### Problem to work on
Beginning with the first line of the material, set down each line exactly as written, up to and including the line with "Commit message: Start layout, but".

------------------------------------------------------------------------

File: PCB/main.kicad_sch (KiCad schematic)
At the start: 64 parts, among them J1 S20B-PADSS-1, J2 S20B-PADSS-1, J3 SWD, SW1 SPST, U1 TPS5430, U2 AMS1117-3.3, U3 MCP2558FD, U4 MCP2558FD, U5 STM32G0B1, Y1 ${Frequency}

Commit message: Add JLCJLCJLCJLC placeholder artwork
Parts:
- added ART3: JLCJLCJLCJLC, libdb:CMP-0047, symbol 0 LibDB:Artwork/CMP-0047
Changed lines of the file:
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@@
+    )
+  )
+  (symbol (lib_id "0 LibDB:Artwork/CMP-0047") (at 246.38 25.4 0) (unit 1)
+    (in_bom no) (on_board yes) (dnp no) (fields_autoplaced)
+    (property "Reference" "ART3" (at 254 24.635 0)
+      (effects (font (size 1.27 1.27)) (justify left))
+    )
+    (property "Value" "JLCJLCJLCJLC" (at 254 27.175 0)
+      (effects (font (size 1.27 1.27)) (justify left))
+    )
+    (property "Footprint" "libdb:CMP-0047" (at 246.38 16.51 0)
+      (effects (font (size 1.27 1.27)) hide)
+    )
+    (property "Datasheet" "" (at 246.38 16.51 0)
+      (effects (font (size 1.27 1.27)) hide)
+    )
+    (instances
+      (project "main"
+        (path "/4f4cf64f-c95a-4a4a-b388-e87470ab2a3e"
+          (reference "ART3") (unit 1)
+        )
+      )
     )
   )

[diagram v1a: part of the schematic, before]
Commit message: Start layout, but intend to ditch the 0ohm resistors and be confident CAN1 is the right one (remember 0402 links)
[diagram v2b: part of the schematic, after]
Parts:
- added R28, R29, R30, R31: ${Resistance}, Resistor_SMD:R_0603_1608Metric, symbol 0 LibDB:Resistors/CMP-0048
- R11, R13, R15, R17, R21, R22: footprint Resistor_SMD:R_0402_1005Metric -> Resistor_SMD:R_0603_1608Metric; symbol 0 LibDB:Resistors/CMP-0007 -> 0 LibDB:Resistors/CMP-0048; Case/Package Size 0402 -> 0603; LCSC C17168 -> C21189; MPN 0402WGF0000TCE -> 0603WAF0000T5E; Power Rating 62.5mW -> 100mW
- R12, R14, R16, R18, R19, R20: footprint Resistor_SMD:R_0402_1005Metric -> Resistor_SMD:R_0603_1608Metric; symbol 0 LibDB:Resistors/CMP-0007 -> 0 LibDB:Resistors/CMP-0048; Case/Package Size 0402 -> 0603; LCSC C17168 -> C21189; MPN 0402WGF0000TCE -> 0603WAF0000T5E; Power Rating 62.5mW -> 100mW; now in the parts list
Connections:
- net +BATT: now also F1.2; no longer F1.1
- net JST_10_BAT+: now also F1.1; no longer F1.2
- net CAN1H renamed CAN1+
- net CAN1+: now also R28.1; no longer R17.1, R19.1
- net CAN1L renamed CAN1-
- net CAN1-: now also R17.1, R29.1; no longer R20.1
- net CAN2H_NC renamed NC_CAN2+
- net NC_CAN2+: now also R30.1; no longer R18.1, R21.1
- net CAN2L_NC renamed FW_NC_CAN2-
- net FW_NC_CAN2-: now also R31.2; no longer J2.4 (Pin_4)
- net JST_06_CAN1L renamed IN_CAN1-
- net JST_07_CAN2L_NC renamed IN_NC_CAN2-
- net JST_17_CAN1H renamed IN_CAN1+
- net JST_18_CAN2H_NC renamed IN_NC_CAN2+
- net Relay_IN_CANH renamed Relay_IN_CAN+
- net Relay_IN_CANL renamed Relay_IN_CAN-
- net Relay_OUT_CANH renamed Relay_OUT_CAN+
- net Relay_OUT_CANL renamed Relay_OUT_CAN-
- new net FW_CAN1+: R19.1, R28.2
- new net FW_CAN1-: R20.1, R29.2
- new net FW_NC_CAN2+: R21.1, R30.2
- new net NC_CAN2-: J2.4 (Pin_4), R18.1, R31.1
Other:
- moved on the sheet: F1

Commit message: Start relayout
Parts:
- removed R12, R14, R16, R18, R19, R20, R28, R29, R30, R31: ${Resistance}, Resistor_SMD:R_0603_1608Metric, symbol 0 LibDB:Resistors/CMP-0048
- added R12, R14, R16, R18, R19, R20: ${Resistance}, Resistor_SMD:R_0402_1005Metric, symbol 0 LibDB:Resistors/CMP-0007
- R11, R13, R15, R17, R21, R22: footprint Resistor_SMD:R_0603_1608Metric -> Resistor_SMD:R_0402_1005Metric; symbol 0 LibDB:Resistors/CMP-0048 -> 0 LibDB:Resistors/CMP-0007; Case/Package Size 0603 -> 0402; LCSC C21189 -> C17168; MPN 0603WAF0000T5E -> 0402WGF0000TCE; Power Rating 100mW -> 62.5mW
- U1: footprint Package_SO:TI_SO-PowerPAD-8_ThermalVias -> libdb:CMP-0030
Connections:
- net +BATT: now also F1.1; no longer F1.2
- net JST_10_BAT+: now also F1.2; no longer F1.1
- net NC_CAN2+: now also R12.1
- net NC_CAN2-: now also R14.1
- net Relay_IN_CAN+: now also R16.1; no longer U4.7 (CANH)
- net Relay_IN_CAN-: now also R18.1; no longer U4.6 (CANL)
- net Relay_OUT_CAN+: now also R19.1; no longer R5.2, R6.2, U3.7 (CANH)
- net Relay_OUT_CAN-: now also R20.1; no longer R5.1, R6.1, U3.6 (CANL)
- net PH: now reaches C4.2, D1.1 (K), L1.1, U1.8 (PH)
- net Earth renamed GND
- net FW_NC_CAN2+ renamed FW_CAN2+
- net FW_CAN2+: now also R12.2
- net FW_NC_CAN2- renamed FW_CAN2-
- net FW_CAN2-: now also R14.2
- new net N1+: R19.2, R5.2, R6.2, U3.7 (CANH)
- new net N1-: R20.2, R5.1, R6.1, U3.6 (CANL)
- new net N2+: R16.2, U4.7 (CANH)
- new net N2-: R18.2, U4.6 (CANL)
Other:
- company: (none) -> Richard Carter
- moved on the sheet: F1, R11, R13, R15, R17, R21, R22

------------------------------------------------------------------------

### Your response
File: PCB/main.kicad_sch (KiCad schematic)
At the start: 64 parts, among them J1 S20B-PADSS-1, J2 S20B-PADSS-1, J3 SWD, SW1 SPST, U1 TPS5430, U2 AMS1117-3.3, U3 MCP2558FD, U4 MCP2558FD, U5 STM32G0B1, Y1 ${Frequency}

Commit message: Add JLCJLCJLCJLC placeholder artwork
Parts:
- added ART3: JLCJLCJLCJLC, libdb:CMP-0047, symbol 0 LibDB:Artwork/CMP-0047
Changed lines of the file:
@@
+    )
+  )
+  (symbol (lib_id "0 LibDB:Artwork/CMP-0047") (at 246.38 25.4 0) (unit 1)
+    (in_bom no) (on_board yes) (dnp no) (fields_autoplaced)
+    (property "Reference" "ART3" (at 254 24.635 0)
+      (effects (font (size 1.27 1.27)) (justify left))
+    )
+    (property "Value" "JLCJLCJLCJLC" (at 254 27.175 0)
+      (effects (font (size 1.27 1.27)) (justify left))
+    )
+    (property "Footprint" "libdb:CMP-0047" (at 246.38 16.51 0)
+      (effects (font (size 1.27 1.27)) hide)
+    )
+    (property "Datasheet" "" (at 246.38 16.51 0)
+      (effects (font (size 1.27 1.27)) hide)
+    )
+    (instances
+      (project "main"
+        (path "/4f4cf64f-c95a-4a4a-b388-e87470ab2a3e"
+          (reference "ART3") (unit 1)
+        )
+      )
     )
   )

[diagram v1a: part of the schematic, before]
Commit message: Start layout, but intend to ditch the 0ohm resistors and be confident CAN1 is the right one (remember 0402 links)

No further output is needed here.